At first I thought it was streaming related but I set it to only play music I have available offline and it stopped again.

An interesting note is that I also listen to podcasts on Google Listen in the morning. I've never had that stop, but when google music will stop and hit play on the lock screen, my podcast plays and not my music player. If I use the lockscreen controls to pause the music it will start back with the same source, but when google music stops by itself the lockscreen controls will start google listen.


----------



## Mustang302LX (Jun 28, 2011)

I just streamed an entire album from Google Music with 4.0 on CM7 and it played through flawlessly.


----------



## Eli (Aug 22, 2011)

Viper Daimao said:


> Anyone else have a problem with google music (the one that streams from your google music account) stopping playback randomly. I'll just be listening to a song and it will start mid song and I'll have to go back into the program and press play and it works again.


I just recently started having problems with Google music, too.

I use it for when I'm out riding my bike and during playback, some songs will play mid-way and then all of a sudden, the playlist jumps to another song.

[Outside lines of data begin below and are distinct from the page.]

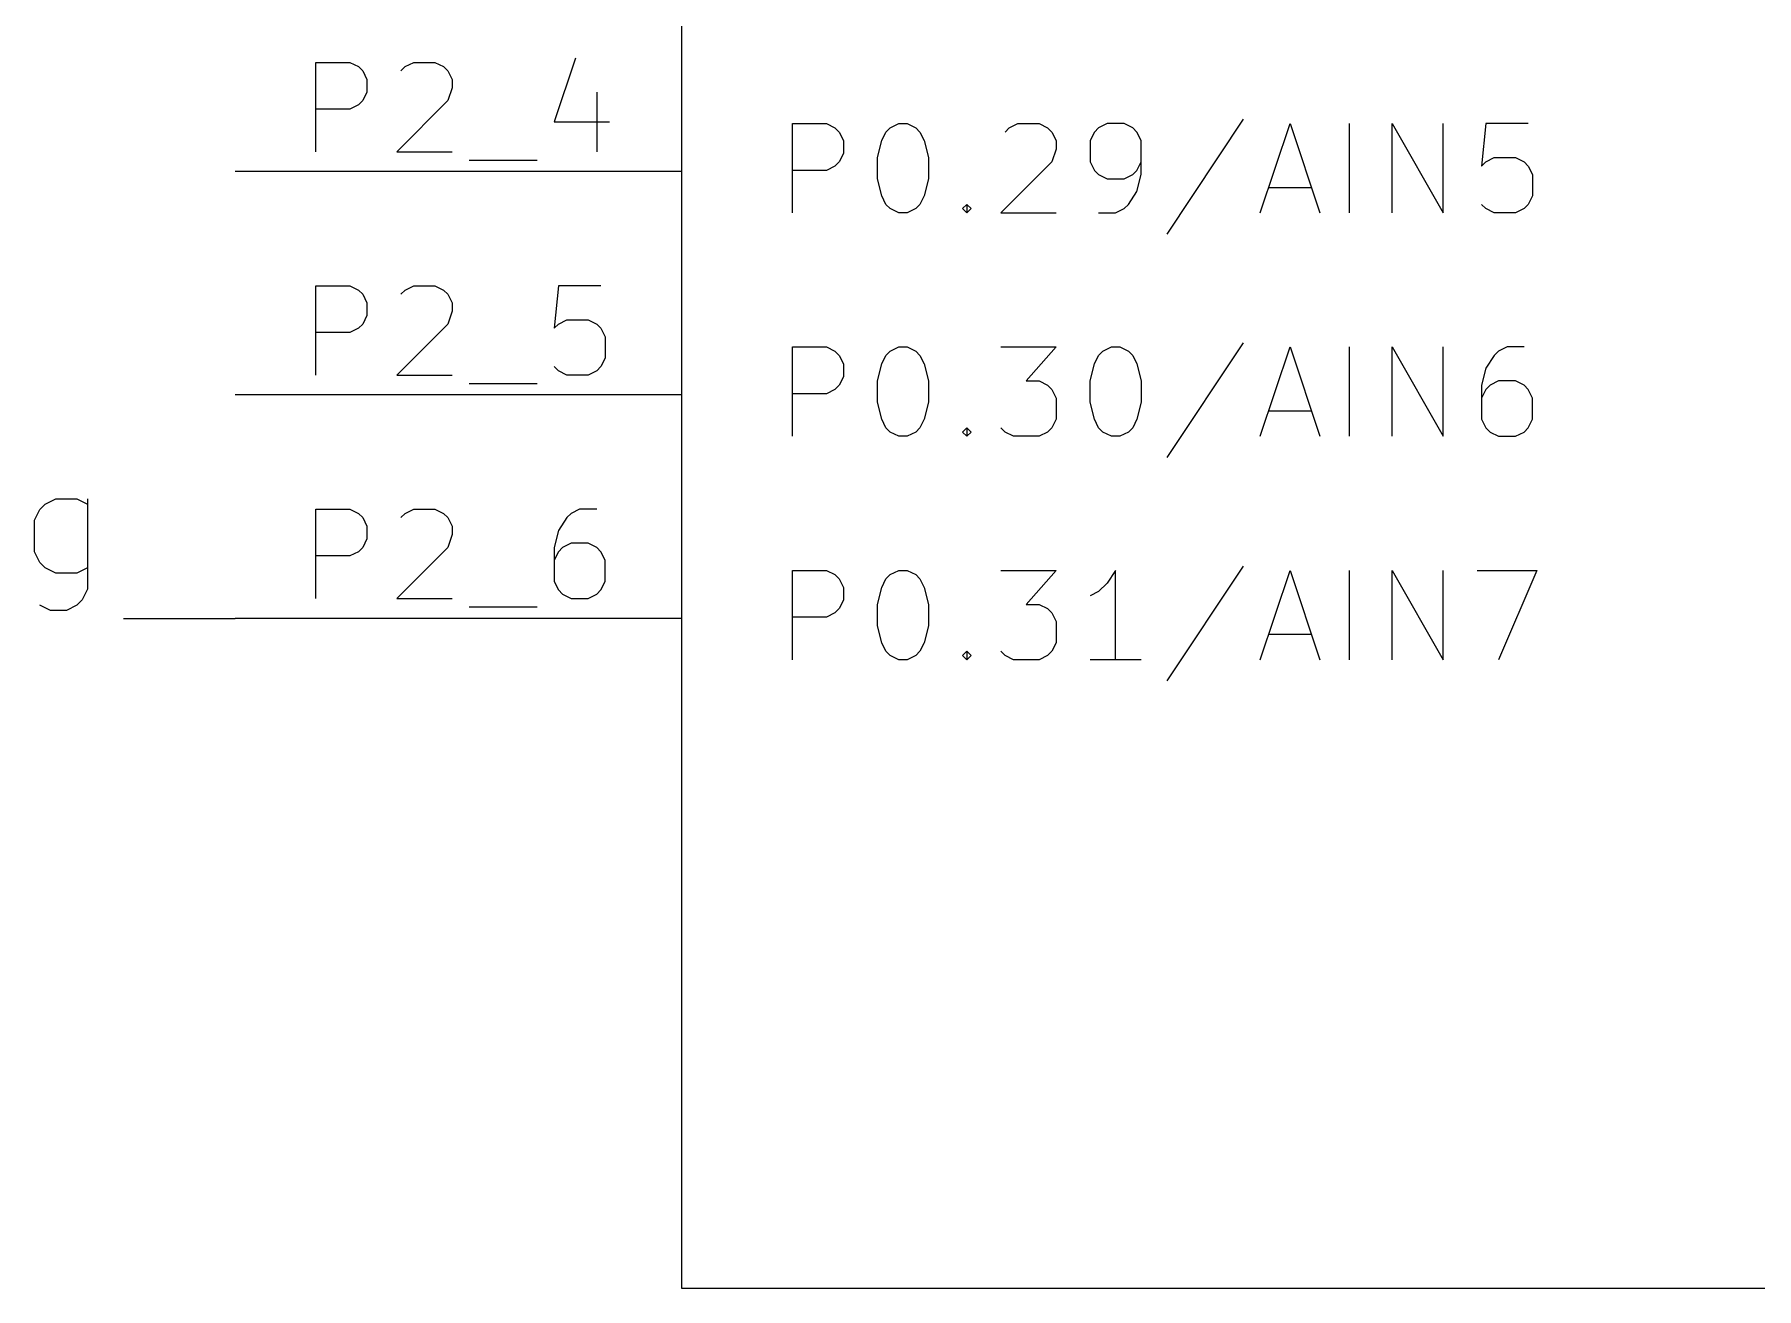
# Model space of a CAD drawing. Header units: inches. Extents: x 0.39 to 7.87, y -5.43 to -0.39.
# Drawn here: x 1.16 to 1.931, y -4.1 to -3.539 of the extents above; entities that cross this region are included whole.
import ezdxf

# ---------------------------------------------------------------- set-up
doc = ezdxf.new("R2010")
doc.units = ezdxf.units.IN
doc.header["$MEASUREMENT"] = 0
for name, color, linetype in [('GREENSIXTYFIVE', 129, 'CONTINUOUS'), ('LIGHTGREEN', 92, 'CONTINUOUS'), ('LIGHTRED', 12, 'CONTINUOUS'), ('RED', 14, 'CONTINUOUS'), ('REDSIX', 19, 'CONTINUOUS'), ('WHITE', 250, 'CONTINUOUS')]:
    doc.layers.add(name, color=color, linetype=linetype)

msp = doc.modelspace()

# ---------------------------------------------------------------- linework, layer by layer
at = {"layer": 'GREENSIXTYFIVE', "linetype": 'CONTINUOUS'}
for p, q in [((1.70143, -3.5766), (1.66714, -3.62803)), ((1.70143, -3.5766), (1.66714, -3.62803)), ((1.49952, -3.6185), (1.49952, -3.5785)), ((1.49952, -3.5785), (1.51476, -3.5785)), ((1.49952, -3.6185), (1.49952, -3.5785)), ((1.49952, -3.5785), (1.51476, -3.5785)), ((1.51476, -3.5785), (1.51857, -3.58041)), ((1.51476, -3.5785), (1.51857, -3.58041)), ((1.51857, -3.58041), (1.52047, -3.58231)), ((1.51857, -3.58041), (1.52047, -3.58231)), ((1.52047, -3.58231), (1.52238, -3.58613)), ((1.52047, -3.58231), (1.52238, -3.58613)), ((1.53952, -3.58613), (1.54143, -3.58231)), ((1.53952, -3.58613), (1.54143, -3.58231)), ((1.54143, -3.58231), (1.54333, -3.58041)), ((1.54143, -3.58231), (1.54333, -3.58041)), ((1.54333, -3.58041), (1.54714, -3.5785)), ((1.54333, -3.58041), (1.54714, -3.5785)), ((1.54714, -3.5785), (1.55095, -3.5785)), ((1.54714, -3.5785), (1.55095, -3.5785)), ((1.55095, -3.5785), (1.55476, -3.58041)), ((1.55095, -3.5785), (1.55476, -3.58041)), ((1.55476, -3.58041), (1.55667, -3.58231)), ((1.55476, -3.58041), (1.55667, -3.58231)), ((1.55667, -3.58231), (1.55857, -3.58613)), ((1.55667, -3.58231), (1.55857, -3.58613)), ((1.59476, -3.58231), (1.59667, -3.58041)), ((1.59476, -3.58231), (1.59667, -3.58041)), ((1.59667, -3.58041), (1.60047, -3.5785)), ((1.59667, -3.58041), (1.60047, -3.5785)), ((1.60047, -3.5785), (1.61, -3.5785)), ((1.60047, -3.5785), (1.61, -3.5785)), ((1.61, -3.5785), (1.61381, -3.58041)), ((1.61, -3.5785), (1.61381, -3.58041)), ((1.61381, -3.58041), (1.61571, -3.58231)), ((1.61381, -3.58041), (1.61571, -3.58231)), ((1.61571, -3.58231), (1.61761, -3.58613)), ((1.61571, -3.58231), (1.61761, -3.58613)), ((1.63476, -3.58231), (1.63285, -3.58613)), ((1.63476, -3.58231), (1.63285, -3.58613)), ((1.63666, -3.58041), (1.63476, -3.58231)), ((1.63666, -3.58041), (1.63476, -3.58231)), ((1.64047, -3.5785), (1.63666, -3.58041)), ((1.64047, -3.5785), (1.63666, -3.58041)), ((1.64809, -3.5785), (1.64047, -3.5785)), ((1.64809, -3.5785), (1.64047, -3.5785)), ((1.6519, -3.58041), (1.64809, -3.5785)), ((1.6519, -3.58041), (1.64809, -3.5785)), ((1.65381, -3.58231), (1.6519, -3.58041)), ((1.65381, -3.58231), (1.6519, -3.58041)), ((1.65571, -3.58613), (1.65381, -3.58231)), ((1.65571, -3.58613), (1.65381, -3.58231)), ((1.70904, -3.6185), (1.72238, -3.5785)), ((1.70904, -3.6185), (1.72238, -3.5785)), ((1.72238, -3.5785), (1.73571, -3.6185)), ((1.72238, -3.5785), (1.73571, -3.6185)), ((1.74905, -3.6185), (1.74905, -3.5785)), ((1.74905, -3.6185), (1.74905, -3.5785)), ((1.76809, -3.6185), (1.76809, -3.5785)), ((1.76809, -3.5785), (1.79095, -3.6185)), ((1.76809, -3.6185), (1.76809, -3.5785)), ((1.76809, -3.5785), (1.79095, -3.6185)), ((1.79095, -3.6185), (1.79095, -3.5785)), ((1.79095, -3.6185), (1.79095, -3.5785)), ((1.81, -3.5785), (1.80809, -3.59755)), ((1.81, -3.5785), (1.80809, -3.59755)), ((1.82905, -3.5785), (1.81, -3.5785)), ((1.82905, -3.5785), (1.81, -3.5785)), ((1.52238, -3.59184), (1.52047, -3.59565)), ((1.52238, -3.59184), (1.52047, -3.59565)), ((1.52238, -3.58613), (1.52238, -3.59184)), ((1.52238, -3.58613), (1.52238, -3.59184)), ((1.53762, -3.59374), (1.53952, -3.58613)), ((1.53762, -3.59374), (1.53952, -3.58613)), ((1.55857, -3.58613), (1.56047, -3.59374)), ((1.55857, -3.58613), (1.56047, -3.59374)), ((1.61761, -3.58993), (1.61571, -3.59565)), ((1.61761, -3.58993), (1.61571, -3.59565)), ((1.61761, -3.58613), (1.61761, -3.58993)), ((1.61761, -3.58613), (1.61761, -3.58993)), ((1.63285, -3.58613), (1.63285, -3.59565)), ((1.63285, -3.58613), (1.63285, -3.59565)), ((1.65571, -3.60136), (1.65571, -3.58613)), ((1.65571, -3.60136), (1.65571, -3.58613)), ((1.51476, -3.59946), (1.49952, -3.59946)), ((1.51476, -3.59946), (1.49952, -3.59946)), ((1.51857, -3.59755), (1.51476, -3.59946)), ((1.51857, -3.59755), (1.51476, -3.59946)), ((1.52047, -3.59565), (1.51857, -3.59755)), ((1.52047, -3.59565), (1.51857, -3.59755)), ((1.53762, -3.60327), (1.53762, -3.59374)), ((1.53762, -3.60327), (1.53762, -3.59374)), ((1.56047, -3.59374), (1.56047, -3.60327)), ((1.56047, -3.59374), (1.56047, -3.60327)), ((1.61571, -3.59565), (1.59285, -3.6185)), ((1.61571, -3.59565), (1.59285, -3.6185)), ((1.63285, -3.59565), (1.63476, -3.59946)), ((1.63285, -3.59565), (1.63476, -3.59946)), ((1.63476, -3.59946), (1.63666, -3.60136)), ((1.63476, -3.59946), (1.63666, -3.60136)), ((1.6519, -3.60136), (1.65381, -3.59946)), ((1.6519, -3.60136), (1.65381, -3.59946)), ((1.65381, -3.59946), (1.65571, -3.59565)), ((1.65381, -3.59946), (1.65571, -3.59565)), ((1.80809, -3.59755), (1.81, -3.59565)), ((1.80809, -3.59755), (1.81, -3.59565)), ((1.81, -3.59565), (1.81381, -3.59374)), ((1.81, -3.59565), (1.81381, -3.59374)), ((1.81381, -3.59374), (1.82333, -3.59374)), ((1.81381, -3.59374), (1.82333, -3.59374)), ((1.82333, -3.59374), (1.82714, -3.59565)), ((1.82333, -3.59374), (1.82714, -3.59565)), ((1.82714, -3.59565), (1.82905, -3.59755)), ((1.82714, -3.59565), (1.82905, -3.59755)), ((1.82905, -3.59755), (1.83095, -3.60136)), ((1.82905, -3.59755), (1.83095, -3.60136)), ((1.53952, -3.61089), (1.53762, -3.60327)), ((1.53952, -3.61089), (1.53762, -3.60327)), ((1.56047, -3.60327), (1.55857, -3.61089)), ((1.56047, -3.60327), (1.55857, -3.61089)), ((1.63666, -3.60136), (1.64047, -3.60327)), ((1.63666, -3.60136), (1.64047, -3.60327)), ((1.64047, -3.60327), (1.64809, -3.60327)), ((1.64047, -3.60327), (1.64809, -3.60327)), ((1.64809, -3.60327), (1.6519, -3.60136)), ((1.64809, -3.60327), (1.6519, -3.60136)), ((1.65381, -3.60898), (1.65571, -3.60136)), ((1.65381, -3.60898), (1.65571, -3.60136)), ((1.71285, -3.60707), (1.7319, -3.60707)), ((1.71285, -3.60707), (1.7319, -3.60707)), ((1.83095, -3.60136), (1.83095, -3.61089)), ((1.83095, -3.60136), (1.83095, -3.61089)), ((1.54143, -3.6147), (1.53952, -3.61089)), ((1.54143, -3.6147), (1.53952, -3.61089)), ((1.54333, -3.6166), (1.54143, -3.6147)), ((1.54333, -3.6166), (1.54143, -3.6147)), ((1.55667, -3.6147), (1.55476, -3.6166)), ((1.55667, -3.6147), (1.55476, -3.6166)), ((1.55857, -3.61089), (1.55667, -3.6147)), ((1.55857, -3.61089), (1.55667, -3.6147)), ((1.57571, -3.6166), (1.57762, -3.6147)), ((1.57571, -3.6166), (1.57762, -3.6147)), ((1.57762, -3.6147), (1.57952, -3.6166)), ((1.57762, -3.6147), (1.57762, -3.6185)), ((1.57762, -3.6147), (1.57952, -3.6166)), ((1.57762, -3.6147), (1.57762, -3.6185)), ((1.64809, -3.6166), (1.65, -3.6147)), ((1.64809, -3.6166), (1.65, -3.6147)), ((1.65, -3.6147), (1.65381, -3.60898)), ((1.65, -3.6147), (1.65381, -3.60898)), ((1.81, -3.6166), (1.80809, -3.6147)), ((1.81, -3.6166), (1.80809, -3.6147)), ((1.82905, -3.6147), (1.82714, -3.6166)), ((1.82905, -3.6147), (1.82714, -3.6166)), ((1.83095, -3.61089), (1.82905, -3.6147)), ((1.83095, -3.61089), (1.82905, -3.6147)), ((1.54714, -3.6185), (1.54333, -3.6166)), ((1.54714, -3.6185), (1.54333, -3.6166)), ((1.55095, -3.6185), (1.54714, -3.6185)), ((1.55095, -3.6185), (1.54714, -3.6185)), ((1.55476, -3.6166), (1.55095, -3.6185)), ((1.55476, -3.6166), (1.55095, -3.6185)), ((1.57762, -3.6185), (1.57571, -3.6166)), ((1.57762, -3.6185), (1.57571, -3.6166)), ((1.57952, -3.6166), (1.57762, -3.6185)), ((1.57952, -3.6166), (1.57762, -3.6185)), ((1.59285, -3.6185), (1.61761, -3.6185)), ((1.59285, -3.6185), (1.61761, -3.6185)), ((1.63666, -3.6185), (1.64428, -3.6185)), ((1.63666, -3.6185), (1.64428, -3.6185)), ((1.64428, -3.6185), (1.64809, -3.6166)), ((1.64428, -3.6185), (1.64809, -3.6166)), ((1.81381, -3.6185), (1.81, -3.6166)), ((1.81381, -3.6185), (1.81, -3.6166)), ((1.82333, -3.6185), (1.81381, -3.6185)), ((1.82333, -3.6185), (1.81381, -3.6185)), ((1.82714, -3.6166), (1.82333, -3.6185)), ((1.82714, -3.6166), (1.82333, -3.6185)), ((1.70143, -3.6766), (1.66714, -3.72803)), ((1.70143, -3.6766), (1.66714, -3.72803)), ((1.49952, -3.7185), (1.49952, -3.6785)), ((1.49952, -3.6785), (1.51476, -3.6785)), ((1.49952, -3.7185), (1.49952, -3.6785)), ((1.49952, -3.6785), (1.51476, -3.6785)), ((1.51476, -3.6785), (1.51857, -3.68041)), ((1.51476, -3.6785), (1.51857, -3.68041)), ((1.51857, -3.68041), (1.52047, -3.68231)), ((1.51857, -3.68041), (1.52047, -3.68231)), ((1.52047, -3.68231), (1.52238, -3.68613)), ((1.52047, -3.68231), (1.52238, -3.68613)), ((1.53952, -3.68613), (1.54143, -3.68231)), ((1.53952, -3.68613), (1.54143, -3.68231)), ((1.54143, -3.68231), (1.54333, -3.68041)), ((1.54143, -3.68231), (1.54333, -3.68041)), ((1.54333, -3.68041), (1.54714, -3.6785)), ((1.54333, -3.68041), (1.54714, -3.6785)), ((1.54714, -3.6785), (1.55095, -3.6785)), ((1.54714, -3.6785), (1.55095, -3.6785)), ((1.55095, -3.6785), (1.55476, -3.68041)), ((1.55095, -3.6785), (1.55476, -3.68041)), ((1.55476, -3.68041), (1.55667, -3.68231)), ((1.55476, -3.68041), (1.55667, -3.68231)), ((1.55667, -3.68231), (1.55857, -3.68613)), ((1.55667, -3.68231), (1.55857, -3.68613)), ((1.59285, -3.6785), (1.61761, -3.6785)), ((1.59285, -3.6785), (1.61761, -3.6785)), ((1.61761, -3.6785), (1.60428, -3.69374)), ((1.61761, -3.6785), (1.60428, -3.69374)), ((1.63476, -3.68613), (1.63666, -3.68231)), ((1.63476, -3.68613), (1.63666, -3.68231)), ((1.63666, -3.68231), (1.63857, -3.68041)), ((1.63666, -3.68231), (1.63857, -3.68041)), ((1.63857, -3.68041), (1.64238, -3.6785)), ((1.63857, -3.68041), (1.64238, -3.6785)), ((1.64238, -3.6785), (1.64619, -3.6785)), ((1.64238, -3.6785), (1.64619, -3.6785)), ((1.64619, -3.6785), (1.65, -3.68041)), ((1.64619, -3.6785), (1.65, -3.68041)), ((1.65, -3.68041), (1.6519, -3.68231)), ((1.65, -3.68041), (1.6519, -3.68231)), ((1.6519, -3.68231), (1.65381, -3.68613)), ((1.6519, -3.68231), (1.65381, -3.68613)), ((1.70904, -3.7185), (1.72238, -3.6785)), ((1.70904, -3.7185), (1.72238, -3.6785)), ((1.72238, -3.6785), (1.73571, -3.7185)), ((1.72238, -3.6785), (1.73571, -3.7185)), ((1.74905, -3.7185), (1.74905, -3.6785)), ((1.74905, -3.7185), (1.74905, -3.6785)), ((1.76809, -3.7185), (1.76809, -3.6785)), ((1.76809, -3.6785), (1.79095, -3.7185)), ((1.76809, -3.7185), (1.76809, -3.6785)), ((1.76809, -3.6785), (1.79095, -3.7185)), ((1.79095, -3.7185), (1.79095, -3.6785)), ((1.79095, -3.7185), (1.79095, -3.6785)), ((1.81381, -3.68231), (1.81, -3.68803)), ((1.81381, -3.68231), (1.81, -3.68803)), ((1.81571, -3.68041), (1.81381, -3.68231)), ((1.81571, -3.68041), (1.81381, -3.68231)), ((1.81952, -3.6785), (1.81571, -3.68041)), ((1.81952, -3.6785), (1.81571, -3.68041)), ((1.82714, -3.6785), (1.81952, -3.6785)), ((1.82714, -3.6785), (1.81952, -3.6785)), ((1.52238, -3.69184), (1.52047, -3.69565)), ((1.52238, -3.69184), (1.52047, -3.69565)), ((1.52238, -3.68613), (1.52238, -3.69184)), ((1.52238, -3.68613), (1.52238, -3.69184)), ((1.53762, -3.69374), (1.53952, -3.68613)), ((1.53762, -3.69374), (1.53952, -3.68613)), ((1.55857, -3.68613), (1.56047, -3.69374)), ((1.55857, -3.68613), (1.56047, -3.69374)), ((1.63285, -3.69374), (1.63476, -3.68613)), ((1.63285, -3.69374), (1.63476, -3.68613)), ((1.65381, -3.68613), (1.65571, -3.69374)), ((1.65381, -3.68613), (1.65571, -3.69374)), ((1.81, -3.68803), (1.80809, -3.69565)), ((1.81, -3.68803), (1.80809, -3.69565)), ((1.51476, -3.69946), (1.49952, -3.69946)), ((1.51476, -3.69946), (1.49952, -3.69946)), ((1.51857, -3.69755), (1.51476, -3.69946)), ((1.51857, -3.69755), (1.51476, -3.69946)), ((1.52047, -3.69565), (1.51857, -3.69755)), ((1.52047, -3.69565), (1.51857, -3.69755)), ((1.53762, -3.70327), (1.53762, -3.69374)), ((1.53762, -3.70327), (1.53762, -3.69374)), ((1.56047, -3.69374), (1.56047, -3.70327)), ((1.56047, -3.69374), (1.56047, -3.70327)), ((1.60428, -3.69374), (1.61, -3.69374)), ((1.60428, -3.69374), (1.61, -3.69374)), ((1.61, -3.69374), (1.61381, -3.69565)), ((1.61, -3.69374), (1.61381, -3.69565)), ((1.61381, -3.69565), (1.61571, -3.69755)), ((1.61381, -3.69565), (1.61571, -3.69755)), ((1.61571, -3.69755), (1.61761, -3.70136)), ((1.61571, -3.69755), (1.61761, -3.70136)), ((1.63285, -3.70327), (1.63285, -3.69374)), ((1.63285, -3.70327), (1.63285, -3.69374)), ((1.65571, -3.69374), (1.65571, -3.70327)), ((1.65571, -3.69374), (1.65571, -3.70327)), ((1.80809, -3.69565), (1.80809, -3.71089)), ((1.80809, -3.69565), (1.80809, -3.71089)), ((1.81, -3.69755), (1.80809, -3.70136)), ((1.81, -3.69755), (1.80809, -3.70136)), ((1.8119, -3.69565), (1.81, -3.69755)), ((1.8119, -3.69565), (1.81, -3.69755)), ((1.81571, -3.69374), (1.8119, -3.69565)), ((1.81571, -3.69374), (1.8119, -3.69565)), ((1.82333, -3.69374), (1.81571, -3.69374)), ((1.82333, -3.69374), (1.81571, -3.69374)), ((1.82714, -3.69565), (1.82333, -3.69374)), ((1.82714, -3.69565), (1.82333, -3.69374)), ((1.82905, -3.69755), (1.82714, -3.69565)), ((1.82905, -3.69755), (1.82714, -3.69565)), ((1.83095, -3.70136), (1.82905, -3.69755)), ((1.83095, -3.70136), (1.82905, -3.69755)), ((1.53952, -3.71089), (1.53762, -3.70327)), ((1.53952, -3.71089), (1.53762, -3.70327)), ((1.56047, -3.70327), (1.55857, -3.71089)), ((1.56047, -3.70327), (1.55857, -3.71089)), ((1.61761, -3.70136), (1.61761, -3.71089)), ((1.61761, -3.70136), (1.61761, -3.71089)), ((1.63476, -3.71089), (1.63285, -3.70327)), ((1.63476, -3.71089), (1.63285, -3.70327)), ((1.65571, -3.70327), (1.65381, -3.71089)), ((1.65571, -3.70327), (1.65381, -3.71089)), ((1.71285, -3.70707), (1.7319, -3.70707)), ((1.71285, -3.70707), (1.7319, -3.70707)), ((1.83095, -3.71089), (1.83095, -3.70136)), ((1.83095, -3.71089), (1.83095, -3.70136)), ((1.54143, -3.7147), (1.53952, -3.71089)), ((1.54143, -3.7147), (1.53952, -3.71089)), ((1.54333, -3.7166), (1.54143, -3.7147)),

I've also had problems with some songs having some sort of distortion, like when you play a cd and it's scratched.

Anyone else having this issue?


----------



## Mustang302LX (Jun 28, 2011)

Give Google Music 4.0 a shot. It's working for me as I stated previously.


----------



## Eli (Aug 22, 2011)

Mustang302LX said:


> Give Google Music 4.0 a shot. It's working for me as I stated previously.


Thanks for the suggestion, ill try it.


----------



## Mustang302LX (Jun 28, 2011)

elir41 said:


> Thanks for the suggestion, ill try it.


No problem hopefully it works.


----------



## Viper Daimao (Sep 14, 2011)

trying it too from here:
http://www.droid-life.com/2011/10/07/download-google-music-4-0-1-pulled-from-ice-cream-sandwich/


----------



## Viper Daimao (Sep 14, 2011)

nope, just had it stop playing on me again. song was downloaded already too. When i hit the play button on the lock screen in CM7, it plays google listen instead, which I haven't started up since 6pm yesterday.


----------



## Mustang302LX (Jun 28, 2011)

Viper Daimao said:


> nope, just had it stop playing on me again. song was downloaded already too. When i hit the play button on the lock screen in CM7, it plays google listen instead, which I haven't started up since 6pm yesterday.


That's weird. Not sure why mine hasn't had any issues and yours is having this issue.


----------